◆ Exercise description
Report every line in the listing that contains the string "linetype".

[Exercise material]

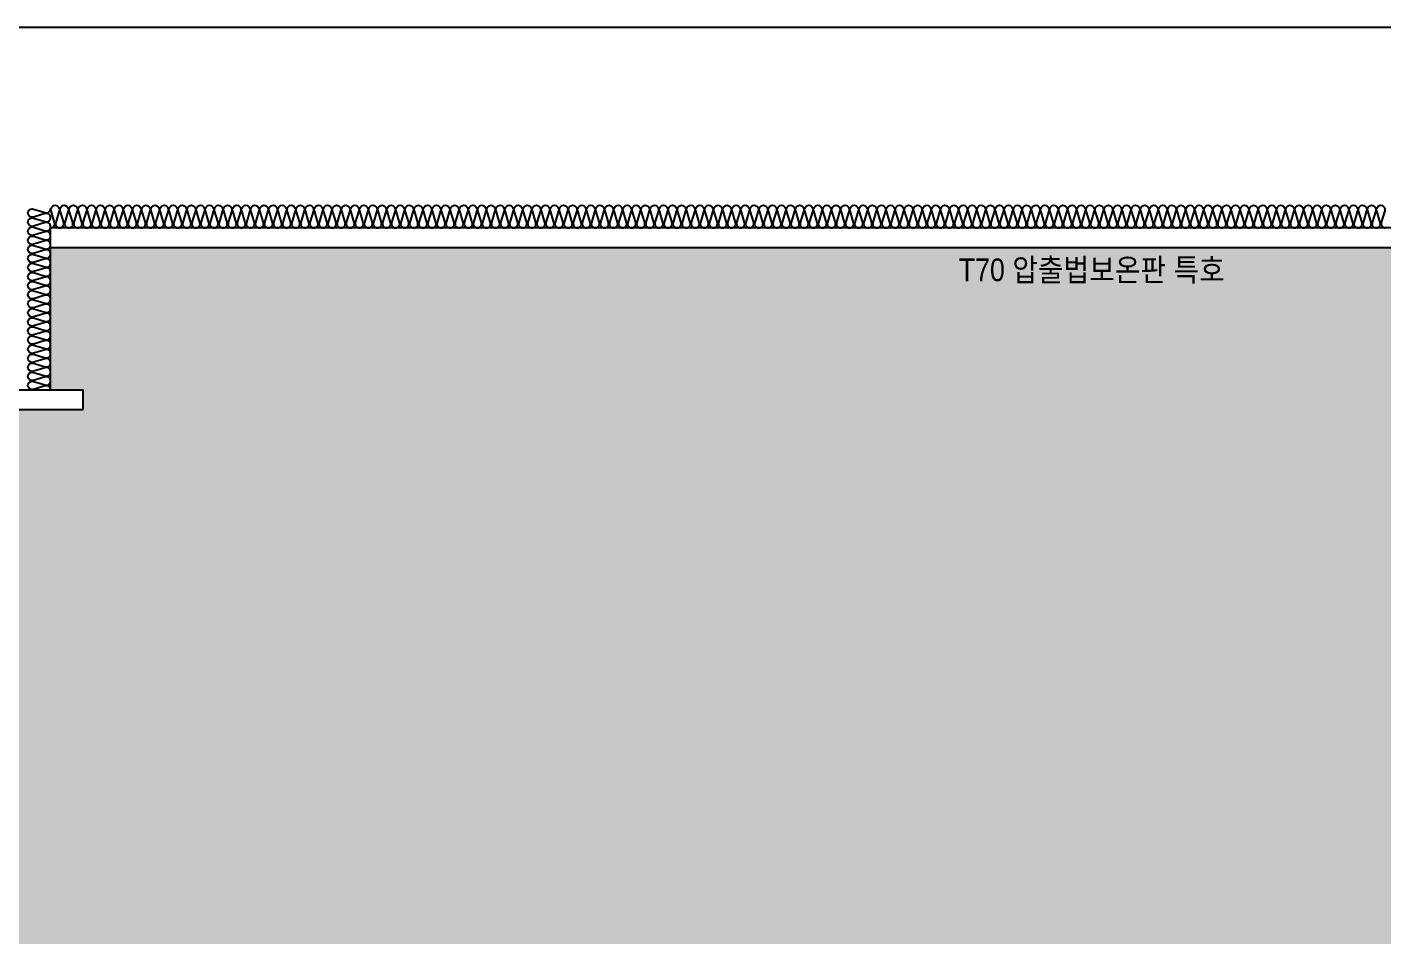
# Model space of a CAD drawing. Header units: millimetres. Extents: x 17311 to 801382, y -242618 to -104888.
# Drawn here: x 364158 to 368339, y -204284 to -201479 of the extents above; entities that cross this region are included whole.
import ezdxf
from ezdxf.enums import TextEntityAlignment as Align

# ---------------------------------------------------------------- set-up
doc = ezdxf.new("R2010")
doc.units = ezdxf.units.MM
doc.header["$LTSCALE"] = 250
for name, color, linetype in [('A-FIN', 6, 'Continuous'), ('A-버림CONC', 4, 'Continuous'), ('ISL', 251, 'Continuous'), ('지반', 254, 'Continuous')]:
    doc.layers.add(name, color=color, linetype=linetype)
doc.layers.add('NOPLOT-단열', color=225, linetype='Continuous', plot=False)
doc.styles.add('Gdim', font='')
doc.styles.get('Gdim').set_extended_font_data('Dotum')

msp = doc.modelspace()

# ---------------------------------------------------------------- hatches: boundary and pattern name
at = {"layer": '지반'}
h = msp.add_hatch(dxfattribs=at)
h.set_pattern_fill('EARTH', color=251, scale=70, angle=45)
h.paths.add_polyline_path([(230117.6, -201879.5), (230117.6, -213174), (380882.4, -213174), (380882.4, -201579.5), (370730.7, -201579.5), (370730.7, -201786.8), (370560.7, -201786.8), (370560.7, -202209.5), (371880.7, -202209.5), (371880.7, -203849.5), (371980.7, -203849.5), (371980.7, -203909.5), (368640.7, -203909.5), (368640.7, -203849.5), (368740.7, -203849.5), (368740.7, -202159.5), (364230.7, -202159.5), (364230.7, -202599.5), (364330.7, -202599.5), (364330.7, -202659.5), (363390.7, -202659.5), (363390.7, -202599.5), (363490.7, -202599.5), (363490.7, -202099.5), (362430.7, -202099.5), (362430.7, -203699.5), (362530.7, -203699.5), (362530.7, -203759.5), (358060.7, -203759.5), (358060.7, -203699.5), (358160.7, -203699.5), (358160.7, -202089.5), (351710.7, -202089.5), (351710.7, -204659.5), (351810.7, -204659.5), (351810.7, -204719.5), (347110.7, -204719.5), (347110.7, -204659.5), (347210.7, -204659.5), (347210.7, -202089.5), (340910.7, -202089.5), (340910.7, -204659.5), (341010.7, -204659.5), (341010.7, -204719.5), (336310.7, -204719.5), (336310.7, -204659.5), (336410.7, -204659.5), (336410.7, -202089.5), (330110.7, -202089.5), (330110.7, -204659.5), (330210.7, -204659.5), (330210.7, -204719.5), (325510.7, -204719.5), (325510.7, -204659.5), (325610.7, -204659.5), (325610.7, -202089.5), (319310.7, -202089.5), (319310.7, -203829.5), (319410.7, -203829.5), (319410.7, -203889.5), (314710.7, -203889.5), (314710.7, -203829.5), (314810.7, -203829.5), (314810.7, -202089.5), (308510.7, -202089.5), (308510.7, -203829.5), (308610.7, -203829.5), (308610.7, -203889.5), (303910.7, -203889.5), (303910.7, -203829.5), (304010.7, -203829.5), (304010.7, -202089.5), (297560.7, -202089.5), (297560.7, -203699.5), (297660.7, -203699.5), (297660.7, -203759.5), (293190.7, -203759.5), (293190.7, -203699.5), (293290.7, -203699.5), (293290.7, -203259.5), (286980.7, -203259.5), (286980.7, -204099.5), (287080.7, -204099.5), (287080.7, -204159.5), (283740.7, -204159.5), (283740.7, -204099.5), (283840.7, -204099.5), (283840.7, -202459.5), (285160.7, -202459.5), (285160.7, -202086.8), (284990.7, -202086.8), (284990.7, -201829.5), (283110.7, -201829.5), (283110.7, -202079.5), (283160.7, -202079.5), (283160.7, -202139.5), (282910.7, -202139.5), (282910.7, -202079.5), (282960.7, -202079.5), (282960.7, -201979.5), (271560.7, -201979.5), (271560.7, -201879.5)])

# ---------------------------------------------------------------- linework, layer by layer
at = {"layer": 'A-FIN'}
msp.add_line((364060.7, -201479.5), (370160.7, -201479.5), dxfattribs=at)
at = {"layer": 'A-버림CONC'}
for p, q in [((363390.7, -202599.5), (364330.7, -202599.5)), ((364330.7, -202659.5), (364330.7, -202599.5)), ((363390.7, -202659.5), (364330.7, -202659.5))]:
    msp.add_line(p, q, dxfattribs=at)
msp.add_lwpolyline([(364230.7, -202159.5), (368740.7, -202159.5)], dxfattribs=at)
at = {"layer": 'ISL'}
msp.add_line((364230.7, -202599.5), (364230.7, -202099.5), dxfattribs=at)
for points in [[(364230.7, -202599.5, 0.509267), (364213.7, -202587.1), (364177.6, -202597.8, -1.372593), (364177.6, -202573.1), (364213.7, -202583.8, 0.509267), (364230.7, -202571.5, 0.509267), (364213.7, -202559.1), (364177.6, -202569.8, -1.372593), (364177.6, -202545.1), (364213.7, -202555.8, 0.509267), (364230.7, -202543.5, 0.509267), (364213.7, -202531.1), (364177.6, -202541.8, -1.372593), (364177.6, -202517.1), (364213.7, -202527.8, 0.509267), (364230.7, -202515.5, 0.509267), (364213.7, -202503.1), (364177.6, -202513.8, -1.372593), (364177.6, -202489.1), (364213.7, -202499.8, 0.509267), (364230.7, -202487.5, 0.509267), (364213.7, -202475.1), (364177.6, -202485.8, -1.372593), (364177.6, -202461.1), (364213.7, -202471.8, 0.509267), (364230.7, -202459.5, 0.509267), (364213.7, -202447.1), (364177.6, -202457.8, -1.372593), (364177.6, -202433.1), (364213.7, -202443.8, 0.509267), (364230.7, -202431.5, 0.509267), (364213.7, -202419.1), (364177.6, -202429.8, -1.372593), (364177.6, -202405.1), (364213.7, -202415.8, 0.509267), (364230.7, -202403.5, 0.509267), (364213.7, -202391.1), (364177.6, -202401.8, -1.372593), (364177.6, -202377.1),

[/Exercise material]

◆ Answer to the problem
for name, color, linetype in [('A-FIN', 6, 'Continuous'), ('A-버림CONC', 4, 'Continuous'), ('ISL', 251, 'Continuous'), ('지반', 254, 'Continuous')]:
    doc.layers.add(name, color=color, linetype=linetype)
doc.layers.add('NOPLOT-단열', color=225, linetype='Continuous', plot=False)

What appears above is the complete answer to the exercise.